TASK DIRECTIONS:
Write out the records that appear below, verbatim and complete, but without pictures.

INPUT DATA:
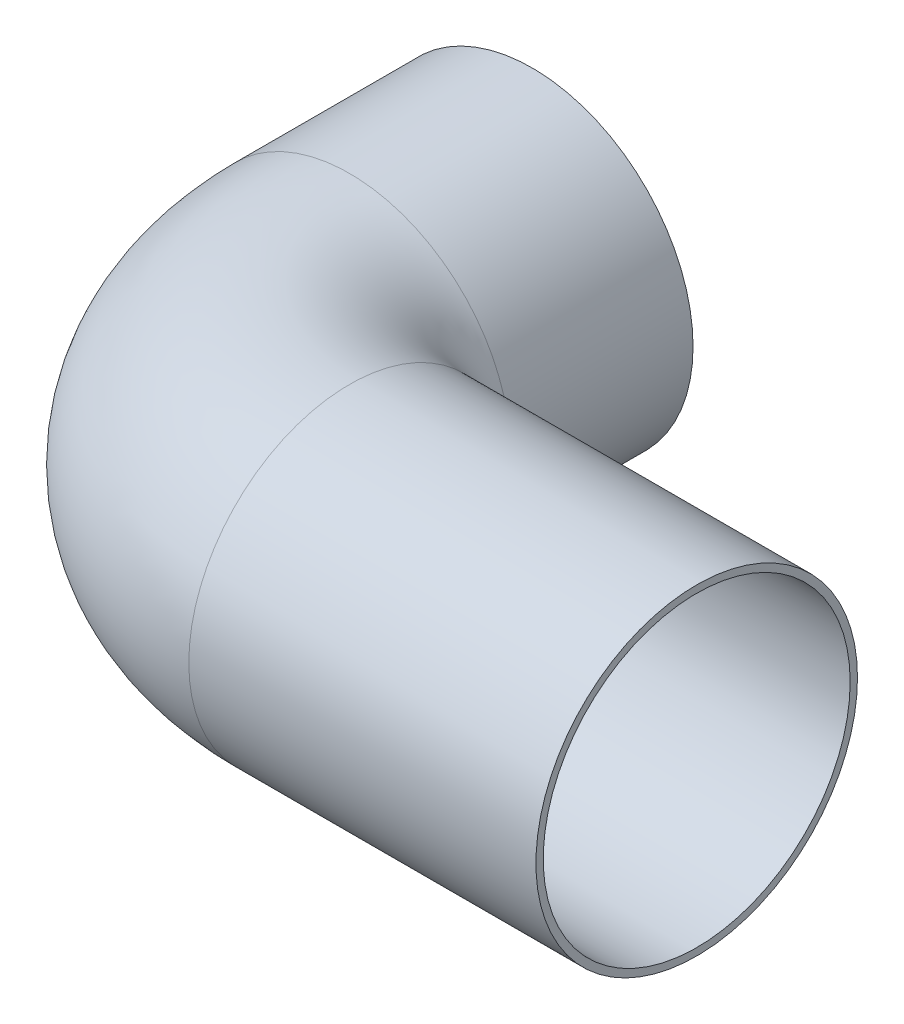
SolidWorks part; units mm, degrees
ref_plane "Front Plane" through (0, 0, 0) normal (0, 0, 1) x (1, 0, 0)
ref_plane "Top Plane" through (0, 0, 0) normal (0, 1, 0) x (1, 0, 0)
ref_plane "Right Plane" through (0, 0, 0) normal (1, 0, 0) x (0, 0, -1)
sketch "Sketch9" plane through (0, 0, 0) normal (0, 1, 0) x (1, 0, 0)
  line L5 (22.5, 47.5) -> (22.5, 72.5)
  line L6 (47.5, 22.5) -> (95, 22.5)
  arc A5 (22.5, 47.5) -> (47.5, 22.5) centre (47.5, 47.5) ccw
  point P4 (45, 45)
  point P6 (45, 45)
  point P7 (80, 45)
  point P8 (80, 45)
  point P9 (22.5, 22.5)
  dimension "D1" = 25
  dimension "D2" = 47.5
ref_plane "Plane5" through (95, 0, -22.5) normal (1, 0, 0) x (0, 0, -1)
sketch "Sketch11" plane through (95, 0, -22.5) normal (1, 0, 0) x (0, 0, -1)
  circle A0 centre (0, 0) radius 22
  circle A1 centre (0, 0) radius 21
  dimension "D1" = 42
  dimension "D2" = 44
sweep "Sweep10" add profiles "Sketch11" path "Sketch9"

RESULT:
SolidWorks part; units mm, degrees
ref_plane "Front Plane" through (0, 0, 0) normal (0, 0, 1) x (1, 0, 0)
ref_plane "Top Plane" through (0, 0, 0) normal (0, 1, 0) x (1, 0, 0)
ref_plane "Right Plane" through (0, 0, 0) normal (1, 0, 0) x (0, 0, -1)
sketch "Sketch9" plane through (0, 0, 0) normal (0, 1, 0) x (1, 0, 0)
  line L5 (22.5, 47.5) -> (22.5, 72.5)
  line L6 (47.5, 22.5) -> (95, 22.5)
  arc A5 (22.5, 47.5) -> (47.5, 22.5) centre (47.5, 47.5) ccw
  point P4 (45, 45)
  point P6 (45, 45)
  point P7 (80, 45)
  point P8 (80, 45)
  point P9 (22.5, 22.5)
  dimension "D1" = 25
  dimension "D2" = 47.5
ref_plane "Plane5" through (95, 0, -22.5) normal (1, 0, 0) x (0, 0, -1)
sketch "Sketch11" plane through (95, 0, -22.5) normal (1, 0, 0) x (0, 0, -1)
  circle A0 centre (0, 0) radius 22
  circle A1 centre (0, 0) radius 21
  dimension "D1" = 42
  dimension "D2" = 44
sweep "Sweep10" add profiles "Sketch11" path "Sketch9"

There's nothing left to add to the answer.